Taxpayers who failed to disclose foreign income or assets in their original Income Tax Returns (ITR) for the assessment year 2024-25 can still make corrections by filing a revised return. The last date to submit the revised ITR is December 31, 2024. Failing to do so could result in a penalty of up to ₹10 lakh under the Black Money (Undisclosed Foreign Income and Assets) and Imposition of Tax Act, 2015.
The Income Tax Department issued an advisory on November 18, urging taxpayers to ensure compliance with disclosure requirements. The department highlighted that revising the ITR provides an opportunity to rectify any omissions related to foreign assets or income earned abroad.
E-Campaign to Ensure Transparency
To create awareness, the Income Tax Department is running an e-campaign targeting taxpayers who might have missed reporting foreign income or assets.
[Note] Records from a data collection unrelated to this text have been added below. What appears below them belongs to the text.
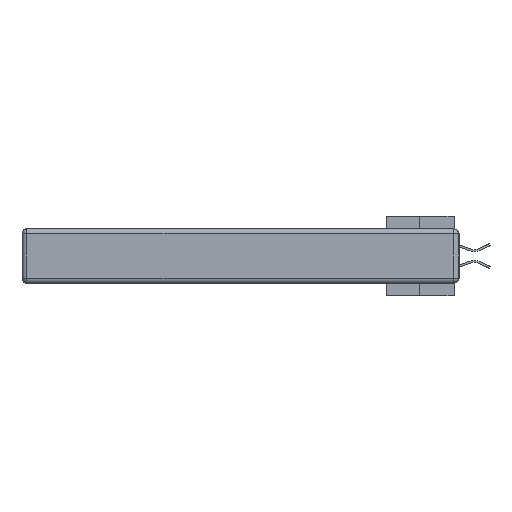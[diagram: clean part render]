
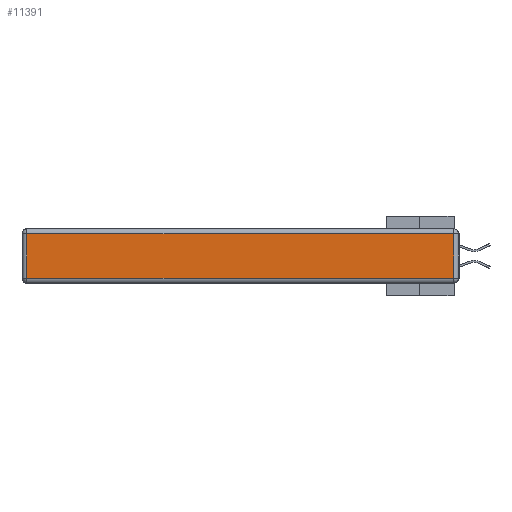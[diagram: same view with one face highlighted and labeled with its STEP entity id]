
A CAD part, left-side view. The second image highlights one B-rep face of the part: STEP entity #11391.
In plain terms, the highlighted planar face has unit normal (-1, 0, 0).
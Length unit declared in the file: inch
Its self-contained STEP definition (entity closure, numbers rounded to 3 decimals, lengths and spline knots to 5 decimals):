
#1285 = DIRECTION ( 'NONE',  ( 0., -1., 0. ) ) ;
#1306 = ORIENTED_EDGE ( 'NONE', *, *, #28716, .T. ) ;
#2173 = ORIENTED_EDGE ( 'NONE', *, *, #11364, .T. ) ;
#2442 = VERTEX_POINT ( 'NONE', #6772 ) ;
#2662 = VERTEX_POINT ( 'NONE', #34666 ) ;
#4403 = EDGE_CURVE ( 'NONE', #2442, #30493, #29412, .T. ) ;
#6772 = CARTESIAN_POINT ( 'NONE',  ( 0., 2.72, -0.313 ) ) ;
#7621 = LINE ( 'NONE', #20355, #30919 ) ;
#7630 = VECTOR ( 'NONE', #19334, 39.37008 ) ;
#7634 = LINE ( 'NONE', #9588, #8899 ) ;
#7773 = EDGE_LOOP ( 'NONE', ( #30669, #1306, #2173, #10730 ) ) ;
#8899 = VECTOR ( 'NONE', #12323, 39.37008 ) ;
#9588 = CARTESIAN_POINT ( 'NONE',  ( 0., 2.72, -0.343 ) ) ;
#10730 = ORIENTED_EDGE ( 'NONE', *, *, #32044, .T. ) ;
#10782 = VECTOR ( 'NONE', #1285, 39.37008 ) ;
#11364 = EDGE_CURVE ( 'NONE', #2662, #34824, #22068, .T. ) ;
#11391 = ADVANCED_FACE ( 'NONE', ( #12740 ), #16251, .T. ) ;
#12323 = DIRECTION ( 'NONE',  ( 0., 0., -1. ) ) ;
#12740 = FACE_OUTER_BOUND ( 'NONE', #7773, .T. ) ;
#13515 = CARTESIAN_POINT ( 'NONE',  ( 0., 2.75, -0.03 ) ) ;
#16251 = PLANE ( 'NONE',  #17880 ) ;
#16653 = CARTESIAN_POINT ( 'NONE',  ( 0., 0., -0.313 ) ) ;
#17880 = AXIS2_PLACEMENT_3D ( 'NONE', #21598, #18999, #24547 ) ;
#18999 = DIRECTION ( 'NONE',  ( -1., 0., 0. ) ) ;
#19334 = DIRECTION ( 'NONE',  ( 0., 1., 0. ) ) ;
#20355 = CARTESIAN_POINT ( 'NONE',  ( 0., 0.03, -0.343 ) ) ;
#21598 = CARTESIAN_POINT ( 'NONE',  ( 0., 0., -0.343 ) ) ;
#22068 = LINE ( 'NONE', #13515, #7630 ) ;
#22298 = CARTESIAN_POINT ( 'NONE',  ( 0., 2.72, -0.03 ) ) ;
#23182 = CARTESIAN_POINT ( 'NONE',  ( 0., 0.03, -0.313 ) ) ;
#24547 = DIRECTION ( 'NONE',  ( 0., 0., 1. ) ) ;
#25760 = DIRECTION ( 'NONE',  ( 0., 0., 1. ) ) ;
#28716 = EDGE_CURVE ( 'NONE', #30493, #2662, #7621, .T. ) ;
#29412 = LINE ( 'NONE', #16653, #10782 ) ;
#30493 = VERTEX_POINT ( 'NONE', #23182 ) ;
#30669 = ORIENTED_EDGE ( 'NONE', *, *, #4403, .T. ) ;
#30919 = VECTOR ( 'NONE', #25760, 39.37008 ) ;
#32044 = EDGE_CURVE ( 'NONE', #34824, #2442, #7634, .T. ) ;
#34666 = CARTESIAN_POINT ( 'NONE',  ( 0., 0.03, -0.03 ) ) ;
#34824 = VERTEX_POINT ( 'NONE', #22298 ) ;

This campaign is part of initiatives under the Common Reporting Standard (CRS) and the Foreign Account Tax Compliance Act (FATCA), which aim to increase transparency and combat tax evasion globally.
Under these frameworks, foreign financial institutions share information with Indian authorities about accounts held by Indian residents. This data helps the government identify taxpayers who might have undisclosed foreign income or assets.
What Taxpayers Need to Do
If you have foreign income or assets, it is mandatory to fill specific schedules in your ITR:
- Schedule FA (Foreign Assets): Includes details of foreign bank accounts, properties, financial interests in businesses, trusts, or any asset with signing authority.
- Schedule FSI (Foreign Source Income): Captures income earned from foreign sources, even if the income is below the taxable threshold.
The Income Tax Department clarified that even if your income from foreign sources is not taxable, or if the assets were acquired from disclosed sources, these schedules must be filled correctly.
Why File a Revised Return?
Filing a revised return allows taxpayers to avoid penalties and legal complications. Here’s why it’s essential:
- Penalty Avoidance: A fine of up to ₹10 lakh can be imposed for non-disclosure.
- Stay Compliant: Ensure adherence to tax laws and maintain transparency.
- Correct Mistakes: Use this chance to fix omissions or errors in the original return.
How the Government Identifies Non-Disclosure
The Income Tax Department leverages information from bilateral and multilateral agreements with other countries. Data from foreign institutions about Indian residents’ financial accounts, properties, and income helps identify discrepancies. Taxpayers identified through these channels receive informational messages via SMS or email, urging them to correct their ITR filings.
Key Deadline
The last date to file a revised ITR for the assessment year 2024-25 is December 31, 2024. Taxpayers should not delay, as the penalty for failing to disclose foreign assets can be significant.
Act now to ensure compliance and avoid unnecessary penalties under India’s stringent anti-black money regulations.